Our personal payments service (twitpay.me) will continue to use PayPal.

------
ivankirigin

      The investors acquired Twitpay’s assets for $100,000 and
      plan to plow an additional $1 million in product development and marketing.

[http://atlanta.bizjournals.com/atlanta/blog/atlantech/2010/0...](http://atlanta.bizjournals.com/atlanta/blog/atlantech/2010/02/twitpay.html)

Good luck, guys.

edit: that link is to a blog post that isn't behind a pay wall.

------
celiadyer
I hope Twitpay' new iteration will make available a linkable button like
PayPal offers that says, "Sponsor" or "Donate," etc. We have raised money 8
times this year on <http://techdrawl.com> and used both Twitpay and PayPal.
PayPal's catchy Donate button has garnered 9 out of 10 donations (correlation
but not necessarily causal), although we we trying to support local southern
startup Twitpay!

------
NEPatriot
I also think the opportunity is ripe to create a web app that allows companies
that sponsor online events say... podcasts/vlgos to measure effectiveness via
tweet mentions as a direct result of that show.

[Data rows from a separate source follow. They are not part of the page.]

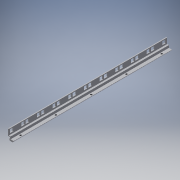
# Autodesk Inventor part: TBD
Saved by Autodesk Inventor 2018 (Build 220105000, 105)
## iProperties
Created: 2004-11-19
Material: Aluminum-6061
Document SubType Name: Modeling
Designer: Autodesk, Inc.
Manufacturer: Standard
Standards Organization: Custom
Stock Number: 12-109M
Catalog Web Link: http://www.parker.com/ead/cm1.asp?cmid=809
Description: 19" RACK ANGLE
Vendor: PARKER IPS
Part Number: TBD
Mass: 126.265 g
Surface Area: 389.073 cm^2
Volume: 46.5923 cm^3
Density: 2.71 g/cm^3
Appearance: Aluminum - Flat
CAGE: 1LJX3
Dept. ID: Product Design
Description #2: ---
Finish #1: ---
Finish #2: ---
Material ID: ---
Project Number: ---
Author: Autodesk, Inc.
Autodesk Inventor part; units mm, degrees
ref_plane "YZ Plane" through (0, 0, 0) normal (1, 0, 0) x (0, 1, 0)
ref_plane "XZ Plane" through (0, 0, 0) normal (0, 1, 0) x (-1, 0, 0)
ref_plane "XY Plane" through (0, 0, 0) normal (0, 0, 1) x (1, 0, 0)
sketch "Sketch1" plane through (0, 0, 0) normal (0, 0, 1) x (1, 0, 0)
  line L0 (-2.8679, 4.0958) -> (0, 0)
  line L1 (0, 0) -> (7.7642, 0)
  line L2 (7.7642, 0) -> (10.6321, 4.0958)
  line L3 (10.6321, 4.0958) -> (10.6321, 4.7)
  line L4 (10.6321, 4.7) -> (1.7321, 4.7)
  line L5 (1.7321, 4.7) -> (1.7321, 11.5)
  line L6 (1.7321, 11.5) -> (-3.2679, 11.5)
  line L7 (-3.2679, 11.5) -> (-3.2679, 27.5)
  line L8 (-3.2679, 27.5) -> (-5.7679, 27.5)
  line L9 (-5.7679, 27.5) -> (-5.7679, 9.5)
  line L10 (-5.7679, 9.5) -> (0.0321, 9.5)
  line L11 (0.0321, 9.5) -> (0.0321, 4.7)
  line L12 (0.0321, 4.7) -> (-2.8679, 4.7)
  line L13 (-2.8679, 4.7) -> (-2.8679, 4.0958)
  constraints: 28 end point, 6 horizontal, 6 vertical, 16 other
extrude "Extrusion1" add sketch "Sketch1" against normal blind 448.75
sketch "Sketch2" plane through (1.7321, 4.7, 0) normal (0, 1, 0) x (1, 0, 0)
  line L0 (8.9, 0) -> (0, 0) projected
  point P0 (4.45, 24)
  point P1 (4.45, 0)
  dimension "d2" = 24
  constraints: 1 midpoint, 1 vertical alignment
  measures "d2" distance from line of L0 point (4.45, 24)
hole "Hole1" at (6.1821, 4.7, -24) direction (0, -1, 0) diameter 4.917 end through all thread size "M6x1" class "6H" standard "ANSI Metric M Profile"
pattern_linear "Rectangular Pattern1" count 5 spacing 100 along (0, 0, -1) of "Hole1"
sketch "Sketch3" plane through (-3.2679, 11.5, 0) normal (1, 0, 0) x (0, 0, -1)
  line L0 (3.25, 13.75) -> (12.75, 13.75)
  line L1 (12.75, 13.75) -> (12.75, 4.25)
  line L2 (12.75, 4.25) -> (3.25, 4.25)
  line L3 (3.25, 4.25) -> (3.25, 13.75)
  line L4 (8, 13.75) -> (8, 4.25) construction
  line L5 (0, 0) -> (0, 16) construction
  line L6 (3.25, 9) -> (12.75, 9) construction
  line L7 (0, -2) -> (448.75, -2) construction
  dimension "d13" = 9.5
  dimension "d14" = 8
  dimension "d15" = 11
  constraints: 12 end point, 4 midpoint, 2 parallel, 2 perpendicular, 1 horizontal
  measures "d13" distance of L0.end L1.end
  measures "d14" distance between parallel lines of L4 L5
  measures "d15" distance between parallel lines of L7 L6
extrude "12-109M" cut sketch "Sketch3" against normal through all
pattern_linear "Rectangular Pattern2" count 2 spacing 31.75 along (0, 0, -1) count 10 spacing 44.45 along (0, 0, -1) of "12-109M"
body "Solid1"

So I'm company x sponsoring show y. Show y says "listeners please tweet out
thanking our sponsor company x on twitter" (jason calacanis does this on
twist) the web app would sum up the number of people who tweeted and then
count the number of followers they have to give you a general idea of the
reach and allow for measurement on a per campaign basis.

Of course this could lead to the downfall of twitter which is why it has to be
targeted and tasteful.

Please tell me if this sounds crazy or already out there.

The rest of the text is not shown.